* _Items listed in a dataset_
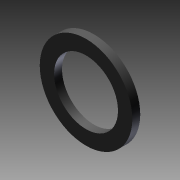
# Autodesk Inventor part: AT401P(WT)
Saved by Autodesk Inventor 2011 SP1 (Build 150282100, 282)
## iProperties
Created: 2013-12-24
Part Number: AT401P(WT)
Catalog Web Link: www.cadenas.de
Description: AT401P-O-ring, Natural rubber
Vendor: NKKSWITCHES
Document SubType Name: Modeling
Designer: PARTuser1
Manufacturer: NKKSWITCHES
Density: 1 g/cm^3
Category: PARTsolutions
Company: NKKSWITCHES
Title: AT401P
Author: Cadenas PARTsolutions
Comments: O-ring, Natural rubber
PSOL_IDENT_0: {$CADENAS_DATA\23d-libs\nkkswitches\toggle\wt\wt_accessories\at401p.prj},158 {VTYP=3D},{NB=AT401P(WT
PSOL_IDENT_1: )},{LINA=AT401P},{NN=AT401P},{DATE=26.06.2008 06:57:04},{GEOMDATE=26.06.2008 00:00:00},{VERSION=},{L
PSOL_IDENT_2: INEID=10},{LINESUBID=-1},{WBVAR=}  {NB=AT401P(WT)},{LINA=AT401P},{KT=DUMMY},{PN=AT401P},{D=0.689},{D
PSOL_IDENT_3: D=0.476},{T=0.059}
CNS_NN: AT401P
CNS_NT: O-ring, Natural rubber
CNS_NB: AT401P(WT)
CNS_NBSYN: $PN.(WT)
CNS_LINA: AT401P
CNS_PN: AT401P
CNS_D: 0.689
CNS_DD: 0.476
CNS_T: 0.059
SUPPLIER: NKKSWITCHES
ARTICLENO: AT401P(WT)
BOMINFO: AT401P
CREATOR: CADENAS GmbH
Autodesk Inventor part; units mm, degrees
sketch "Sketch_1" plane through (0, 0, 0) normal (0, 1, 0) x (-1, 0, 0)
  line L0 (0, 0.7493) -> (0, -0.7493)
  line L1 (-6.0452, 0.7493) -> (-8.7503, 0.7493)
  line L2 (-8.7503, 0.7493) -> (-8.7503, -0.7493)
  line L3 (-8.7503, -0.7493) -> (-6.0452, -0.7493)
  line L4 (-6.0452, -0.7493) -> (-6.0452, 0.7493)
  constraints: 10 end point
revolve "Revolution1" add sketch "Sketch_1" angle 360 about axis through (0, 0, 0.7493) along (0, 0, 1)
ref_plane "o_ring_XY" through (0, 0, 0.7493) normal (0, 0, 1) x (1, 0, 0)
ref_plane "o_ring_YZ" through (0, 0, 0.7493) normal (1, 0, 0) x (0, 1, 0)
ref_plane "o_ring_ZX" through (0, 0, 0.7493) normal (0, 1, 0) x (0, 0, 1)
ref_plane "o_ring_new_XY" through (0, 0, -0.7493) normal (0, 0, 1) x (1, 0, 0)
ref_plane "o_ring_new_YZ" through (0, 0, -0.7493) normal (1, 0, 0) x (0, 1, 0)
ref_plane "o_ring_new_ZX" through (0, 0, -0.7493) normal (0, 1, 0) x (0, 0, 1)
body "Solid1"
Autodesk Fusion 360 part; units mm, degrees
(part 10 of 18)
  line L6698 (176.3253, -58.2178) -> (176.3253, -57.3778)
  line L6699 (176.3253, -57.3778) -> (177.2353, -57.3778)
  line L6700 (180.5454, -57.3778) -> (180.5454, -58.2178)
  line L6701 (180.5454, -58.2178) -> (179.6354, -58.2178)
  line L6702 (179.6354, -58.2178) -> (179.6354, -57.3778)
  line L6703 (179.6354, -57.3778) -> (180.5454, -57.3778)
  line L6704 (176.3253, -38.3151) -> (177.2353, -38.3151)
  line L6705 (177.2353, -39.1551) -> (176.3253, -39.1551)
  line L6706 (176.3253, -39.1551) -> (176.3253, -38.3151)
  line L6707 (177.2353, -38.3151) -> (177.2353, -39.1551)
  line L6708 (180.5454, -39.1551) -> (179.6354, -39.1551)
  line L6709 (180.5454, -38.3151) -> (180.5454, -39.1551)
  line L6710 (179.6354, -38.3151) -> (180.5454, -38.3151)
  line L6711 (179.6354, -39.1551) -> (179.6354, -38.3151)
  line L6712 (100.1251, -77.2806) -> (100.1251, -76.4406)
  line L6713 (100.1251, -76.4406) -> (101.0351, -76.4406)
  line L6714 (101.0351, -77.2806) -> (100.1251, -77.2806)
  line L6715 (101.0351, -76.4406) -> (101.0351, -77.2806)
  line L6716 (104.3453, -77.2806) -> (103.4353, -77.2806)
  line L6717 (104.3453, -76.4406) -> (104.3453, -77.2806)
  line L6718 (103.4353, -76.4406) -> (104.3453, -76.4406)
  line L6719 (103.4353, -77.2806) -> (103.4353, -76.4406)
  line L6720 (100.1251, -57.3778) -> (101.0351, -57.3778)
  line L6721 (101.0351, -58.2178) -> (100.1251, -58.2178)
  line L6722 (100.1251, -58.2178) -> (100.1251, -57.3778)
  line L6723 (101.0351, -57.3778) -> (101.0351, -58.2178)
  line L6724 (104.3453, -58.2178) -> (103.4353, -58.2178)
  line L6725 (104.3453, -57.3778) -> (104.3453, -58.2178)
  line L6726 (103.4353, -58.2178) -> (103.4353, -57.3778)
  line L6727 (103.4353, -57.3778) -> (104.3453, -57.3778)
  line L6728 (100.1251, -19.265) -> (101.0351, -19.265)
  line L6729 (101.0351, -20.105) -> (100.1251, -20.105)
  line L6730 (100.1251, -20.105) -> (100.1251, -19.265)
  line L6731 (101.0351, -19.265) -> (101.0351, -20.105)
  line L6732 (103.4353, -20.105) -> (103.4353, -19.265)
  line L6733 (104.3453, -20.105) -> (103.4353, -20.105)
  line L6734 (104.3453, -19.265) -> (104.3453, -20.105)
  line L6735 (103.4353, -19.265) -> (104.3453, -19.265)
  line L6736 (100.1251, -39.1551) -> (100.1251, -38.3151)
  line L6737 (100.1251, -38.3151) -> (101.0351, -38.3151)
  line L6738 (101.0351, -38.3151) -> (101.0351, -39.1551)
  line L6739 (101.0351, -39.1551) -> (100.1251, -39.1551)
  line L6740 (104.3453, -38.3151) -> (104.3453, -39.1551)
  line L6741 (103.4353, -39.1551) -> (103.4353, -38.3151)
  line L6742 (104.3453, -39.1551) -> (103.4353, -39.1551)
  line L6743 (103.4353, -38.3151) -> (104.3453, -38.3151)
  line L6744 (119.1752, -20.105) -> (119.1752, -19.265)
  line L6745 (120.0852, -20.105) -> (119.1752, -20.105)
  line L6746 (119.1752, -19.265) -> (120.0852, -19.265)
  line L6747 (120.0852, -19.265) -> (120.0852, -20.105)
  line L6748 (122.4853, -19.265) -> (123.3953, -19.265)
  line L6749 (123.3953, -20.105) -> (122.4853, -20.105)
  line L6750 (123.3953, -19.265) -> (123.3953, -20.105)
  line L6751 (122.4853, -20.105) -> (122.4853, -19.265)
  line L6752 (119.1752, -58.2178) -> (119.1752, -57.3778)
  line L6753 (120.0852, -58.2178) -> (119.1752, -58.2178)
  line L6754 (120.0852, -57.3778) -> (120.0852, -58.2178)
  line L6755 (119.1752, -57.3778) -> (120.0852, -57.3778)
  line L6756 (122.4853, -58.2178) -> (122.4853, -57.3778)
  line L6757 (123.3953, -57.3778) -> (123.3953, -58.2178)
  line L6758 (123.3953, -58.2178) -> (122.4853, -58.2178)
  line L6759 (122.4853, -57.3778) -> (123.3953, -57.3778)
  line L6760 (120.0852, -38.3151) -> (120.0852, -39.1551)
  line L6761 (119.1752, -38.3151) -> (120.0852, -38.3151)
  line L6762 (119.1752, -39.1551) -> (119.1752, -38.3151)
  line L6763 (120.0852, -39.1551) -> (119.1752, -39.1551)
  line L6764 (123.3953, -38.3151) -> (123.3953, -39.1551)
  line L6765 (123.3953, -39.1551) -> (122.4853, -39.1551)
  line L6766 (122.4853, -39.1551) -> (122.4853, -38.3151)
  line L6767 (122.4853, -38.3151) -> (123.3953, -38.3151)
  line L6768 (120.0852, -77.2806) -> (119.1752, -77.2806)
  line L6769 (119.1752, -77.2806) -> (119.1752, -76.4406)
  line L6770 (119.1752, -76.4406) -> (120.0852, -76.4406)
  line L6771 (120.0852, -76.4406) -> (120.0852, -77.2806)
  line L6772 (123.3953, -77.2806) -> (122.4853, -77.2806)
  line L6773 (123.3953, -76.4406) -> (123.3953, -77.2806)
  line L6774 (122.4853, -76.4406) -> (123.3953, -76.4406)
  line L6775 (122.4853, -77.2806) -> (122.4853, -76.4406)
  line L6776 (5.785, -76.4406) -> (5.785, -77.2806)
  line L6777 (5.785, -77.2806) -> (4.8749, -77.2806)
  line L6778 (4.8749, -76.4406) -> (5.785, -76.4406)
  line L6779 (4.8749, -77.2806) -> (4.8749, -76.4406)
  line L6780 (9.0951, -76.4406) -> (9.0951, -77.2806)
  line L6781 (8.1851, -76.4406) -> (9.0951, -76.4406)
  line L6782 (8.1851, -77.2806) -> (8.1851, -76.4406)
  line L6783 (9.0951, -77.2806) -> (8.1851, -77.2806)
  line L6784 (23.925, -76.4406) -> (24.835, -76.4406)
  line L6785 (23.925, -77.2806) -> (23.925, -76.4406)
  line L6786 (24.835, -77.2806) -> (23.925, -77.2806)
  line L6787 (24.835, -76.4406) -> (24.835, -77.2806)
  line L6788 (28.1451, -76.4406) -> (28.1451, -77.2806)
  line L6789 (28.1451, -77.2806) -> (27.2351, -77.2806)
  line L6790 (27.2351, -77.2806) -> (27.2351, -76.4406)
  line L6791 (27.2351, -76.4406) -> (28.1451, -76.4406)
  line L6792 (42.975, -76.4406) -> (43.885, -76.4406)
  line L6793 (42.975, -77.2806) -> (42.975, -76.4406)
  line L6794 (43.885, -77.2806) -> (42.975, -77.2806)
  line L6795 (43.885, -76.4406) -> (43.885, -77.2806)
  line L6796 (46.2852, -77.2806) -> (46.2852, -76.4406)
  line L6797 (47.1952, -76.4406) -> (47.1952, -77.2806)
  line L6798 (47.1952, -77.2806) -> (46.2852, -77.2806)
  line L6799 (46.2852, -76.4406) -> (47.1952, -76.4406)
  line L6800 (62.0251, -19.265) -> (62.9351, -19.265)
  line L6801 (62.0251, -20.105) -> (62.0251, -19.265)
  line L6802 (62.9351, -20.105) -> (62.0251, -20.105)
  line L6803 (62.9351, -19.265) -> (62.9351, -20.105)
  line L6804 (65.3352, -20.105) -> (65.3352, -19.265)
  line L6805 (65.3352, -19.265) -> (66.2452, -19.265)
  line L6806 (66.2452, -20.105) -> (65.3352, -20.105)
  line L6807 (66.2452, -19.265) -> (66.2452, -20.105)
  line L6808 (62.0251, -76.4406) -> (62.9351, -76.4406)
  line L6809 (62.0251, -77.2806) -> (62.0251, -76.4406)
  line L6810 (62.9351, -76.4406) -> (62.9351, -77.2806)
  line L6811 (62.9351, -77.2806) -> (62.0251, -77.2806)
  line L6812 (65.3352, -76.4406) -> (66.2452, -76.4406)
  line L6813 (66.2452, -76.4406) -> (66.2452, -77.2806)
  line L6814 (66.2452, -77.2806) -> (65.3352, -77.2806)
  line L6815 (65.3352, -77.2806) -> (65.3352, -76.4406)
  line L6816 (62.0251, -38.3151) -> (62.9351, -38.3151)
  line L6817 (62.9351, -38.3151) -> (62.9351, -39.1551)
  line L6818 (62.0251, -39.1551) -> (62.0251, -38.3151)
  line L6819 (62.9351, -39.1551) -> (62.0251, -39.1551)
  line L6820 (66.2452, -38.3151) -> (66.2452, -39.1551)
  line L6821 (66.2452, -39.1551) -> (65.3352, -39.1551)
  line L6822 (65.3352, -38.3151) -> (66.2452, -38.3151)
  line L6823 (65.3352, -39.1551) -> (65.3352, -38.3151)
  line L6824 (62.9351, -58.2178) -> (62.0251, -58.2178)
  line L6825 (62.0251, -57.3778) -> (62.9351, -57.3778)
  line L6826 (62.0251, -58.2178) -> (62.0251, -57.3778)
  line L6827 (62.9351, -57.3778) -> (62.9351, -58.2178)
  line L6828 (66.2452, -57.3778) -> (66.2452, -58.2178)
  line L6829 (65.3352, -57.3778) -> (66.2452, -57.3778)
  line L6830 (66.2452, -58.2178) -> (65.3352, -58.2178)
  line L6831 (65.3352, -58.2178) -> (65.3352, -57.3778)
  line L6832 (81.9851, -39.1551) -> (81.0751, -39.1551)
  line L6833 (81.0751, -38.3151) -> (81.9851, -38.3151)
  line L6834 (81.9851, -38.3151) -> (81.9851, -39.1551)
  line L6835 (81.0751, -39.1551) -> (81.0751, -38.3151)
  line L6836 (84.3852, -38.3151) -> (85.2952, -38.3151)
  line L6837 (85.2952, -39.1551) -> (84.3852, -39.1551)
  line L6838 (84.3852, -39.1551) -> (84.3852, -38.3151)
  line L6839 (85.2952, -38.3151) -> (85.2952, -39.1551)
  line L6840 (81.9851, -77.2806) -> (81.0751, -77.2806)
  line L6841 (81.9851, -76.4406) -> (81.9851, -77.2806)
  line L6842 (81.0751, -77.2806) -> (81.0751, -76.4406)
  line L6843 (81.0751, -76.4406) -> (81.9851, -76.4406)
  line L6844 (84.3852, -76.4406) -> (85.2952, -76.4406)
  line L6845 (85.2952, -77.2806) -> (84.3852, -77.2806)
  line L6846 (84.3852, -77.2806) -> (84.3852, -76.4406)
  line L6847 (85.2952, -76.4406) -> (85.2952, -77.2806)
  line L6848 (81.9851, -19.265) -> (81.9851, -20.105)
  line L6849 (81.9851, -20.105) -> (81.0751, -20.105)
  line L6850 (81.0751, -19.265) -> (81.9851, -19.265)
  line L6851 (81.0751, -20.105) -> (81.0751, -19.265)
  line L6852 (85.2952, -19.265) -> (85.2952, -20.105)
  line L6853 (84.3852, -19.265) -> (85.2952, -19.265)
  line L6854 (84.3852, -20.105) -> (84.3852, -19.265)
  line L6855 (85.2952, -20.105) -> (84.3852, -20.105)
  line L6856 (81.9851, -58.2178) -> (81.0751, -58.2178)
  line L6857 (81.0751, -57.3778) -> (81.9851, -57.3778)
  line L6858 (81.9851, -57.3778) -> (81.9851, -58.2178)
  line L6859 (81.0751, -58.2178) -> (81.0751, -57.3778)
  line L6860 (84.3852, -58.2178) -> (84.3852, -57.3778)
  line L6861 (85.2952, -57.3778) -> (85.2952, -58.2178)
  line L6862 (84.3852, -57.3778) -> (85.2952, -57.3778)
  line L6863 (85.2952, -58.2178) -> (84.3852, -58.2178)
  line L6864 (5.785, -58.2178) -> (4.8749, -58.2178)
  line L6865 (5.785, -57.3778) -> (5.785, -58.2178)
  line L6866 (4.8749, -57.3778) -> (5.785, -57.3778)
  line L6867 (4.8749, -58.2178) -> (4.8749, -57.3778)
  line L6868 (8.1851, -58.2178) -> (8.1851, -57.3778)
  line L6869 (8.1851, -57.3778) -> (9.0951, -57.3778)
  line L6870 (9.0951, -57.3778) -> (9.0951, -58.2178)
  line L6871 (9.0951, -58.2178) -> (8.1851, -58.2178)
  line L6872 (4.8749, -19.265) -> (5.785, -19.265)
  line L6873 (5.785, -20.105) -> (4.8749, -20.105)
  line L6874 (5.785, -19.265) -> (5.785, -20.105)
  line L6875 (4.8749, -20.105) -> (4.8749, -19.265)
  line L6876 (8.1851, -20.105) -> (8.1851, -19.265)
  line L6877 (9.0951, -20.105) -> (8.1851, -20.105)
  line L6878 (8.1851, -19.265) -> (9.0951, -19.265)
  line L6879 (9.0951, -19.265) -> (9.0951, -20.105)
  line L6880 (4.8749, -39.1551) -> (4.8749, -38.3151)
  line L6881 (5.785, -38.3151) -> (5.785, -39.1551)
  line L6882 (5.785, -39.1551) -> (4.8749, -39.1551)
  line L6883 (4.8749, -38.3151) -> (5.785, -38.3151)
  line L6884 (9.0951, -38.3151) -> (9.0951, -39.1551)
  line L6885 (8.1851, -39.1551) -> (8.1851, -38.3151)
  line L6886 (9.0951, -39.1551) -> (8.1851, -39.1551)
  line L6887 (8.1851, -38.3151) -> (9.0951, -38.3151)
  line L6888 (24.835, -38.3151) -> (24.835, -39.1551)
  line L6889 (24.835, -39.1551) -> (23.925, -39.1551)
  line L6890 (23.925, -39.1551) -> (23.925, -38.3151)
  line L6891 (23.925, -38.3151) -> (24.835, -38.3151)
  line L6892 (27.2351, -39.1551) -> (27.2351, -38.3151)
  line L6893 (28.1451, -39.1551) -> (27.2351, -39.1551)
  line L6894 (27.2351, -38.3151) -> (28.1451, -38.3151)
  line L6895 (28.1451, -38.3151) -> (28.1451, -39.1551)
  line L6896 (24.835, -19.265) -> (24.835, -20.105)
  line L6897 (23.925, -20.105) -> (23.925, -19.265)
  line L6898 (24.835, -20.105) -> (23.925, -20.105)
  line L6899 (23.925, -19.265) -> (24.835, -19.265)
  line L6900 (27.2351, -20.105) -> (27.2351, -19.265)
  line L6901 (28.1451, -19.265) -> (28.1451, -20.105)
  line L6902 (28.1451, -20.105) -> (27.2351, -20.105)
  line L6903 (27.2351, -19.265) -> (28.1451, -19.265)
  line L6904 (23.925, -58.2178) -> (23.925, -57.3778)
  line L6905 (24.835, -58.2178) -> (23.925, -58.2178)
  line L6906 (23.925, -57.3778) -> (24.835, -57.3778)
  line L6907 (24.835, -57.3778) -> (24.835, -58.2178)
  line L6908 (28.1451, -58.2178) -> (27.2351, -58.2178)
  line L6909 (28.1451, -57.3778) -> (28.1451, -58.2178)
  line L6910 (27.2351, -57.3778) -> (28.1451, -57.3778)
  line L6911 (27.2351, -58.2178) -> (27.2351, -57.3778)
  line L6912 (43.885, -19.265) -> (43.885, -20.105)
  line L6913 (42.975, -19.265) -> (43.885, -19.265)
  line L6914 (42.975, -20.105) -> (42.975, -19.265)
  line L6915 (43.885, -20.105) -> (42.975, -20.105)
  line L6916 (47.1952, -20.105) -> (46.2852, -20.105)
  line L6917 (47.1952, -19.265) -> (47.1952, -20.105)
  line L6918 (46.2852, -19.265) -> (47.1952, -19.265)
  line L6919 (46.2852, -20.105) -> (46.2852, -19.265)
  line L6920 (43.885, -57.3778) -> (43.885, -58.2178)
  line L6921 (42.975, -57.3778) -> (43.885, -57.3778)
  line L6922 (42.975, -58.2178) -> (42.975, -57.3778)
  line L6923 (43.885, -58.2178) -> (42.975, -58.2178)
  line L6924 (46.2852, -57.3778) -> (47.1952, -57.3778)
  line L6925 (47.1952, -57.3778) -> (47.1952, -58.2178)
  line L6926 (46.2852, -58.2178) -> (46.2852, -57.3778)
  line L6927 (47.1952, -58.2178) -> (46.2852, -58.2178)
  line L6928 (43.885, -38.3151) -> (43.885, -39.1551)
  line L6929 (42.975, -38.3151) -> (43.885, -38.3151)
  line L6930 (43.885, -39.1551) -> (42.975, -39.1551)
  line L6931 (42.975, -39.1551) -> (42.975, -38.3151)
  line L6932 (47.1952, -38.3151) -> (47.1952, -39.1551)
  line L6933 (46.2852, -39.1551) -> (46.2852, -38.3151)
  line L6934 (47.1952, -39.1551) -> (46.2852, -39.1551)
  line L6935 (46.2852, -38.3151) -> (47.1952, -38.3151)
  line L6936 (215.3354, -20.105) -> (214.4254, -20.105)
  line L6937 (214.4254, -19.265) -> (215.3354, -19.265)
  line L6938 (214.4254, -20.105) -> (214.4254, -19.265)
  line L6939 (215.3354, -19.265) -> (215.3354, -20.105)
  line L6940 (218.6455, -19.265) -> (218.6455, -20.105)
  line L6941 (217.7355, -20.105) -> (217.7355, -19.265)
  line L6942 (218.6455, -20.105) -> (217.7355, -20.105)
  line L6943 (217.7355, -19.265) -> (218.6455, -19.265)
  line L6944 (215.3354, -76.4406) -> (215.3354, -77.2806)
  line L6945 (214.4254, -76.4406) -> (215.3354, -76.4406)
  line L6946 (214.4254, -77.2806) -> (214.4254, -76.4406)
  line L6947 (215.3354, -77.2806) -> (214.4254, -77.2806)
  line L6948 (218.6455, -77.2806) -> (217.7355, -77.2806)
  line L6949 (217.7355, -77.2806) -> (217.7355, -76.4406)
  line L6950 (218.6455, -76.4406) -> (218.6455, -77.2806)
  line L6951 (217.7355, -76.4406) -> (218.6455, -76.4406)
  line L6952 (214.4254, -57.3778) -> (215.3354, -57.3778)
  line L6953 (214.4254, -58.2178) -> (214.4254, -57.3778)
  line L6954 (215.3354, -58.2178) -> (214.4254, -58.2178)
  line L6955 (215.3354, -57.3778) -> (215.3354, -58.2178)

* _Exercise brief_
Within the records above, how many lines include the word "units"? Only the number is wanted.

* _Finished task_
2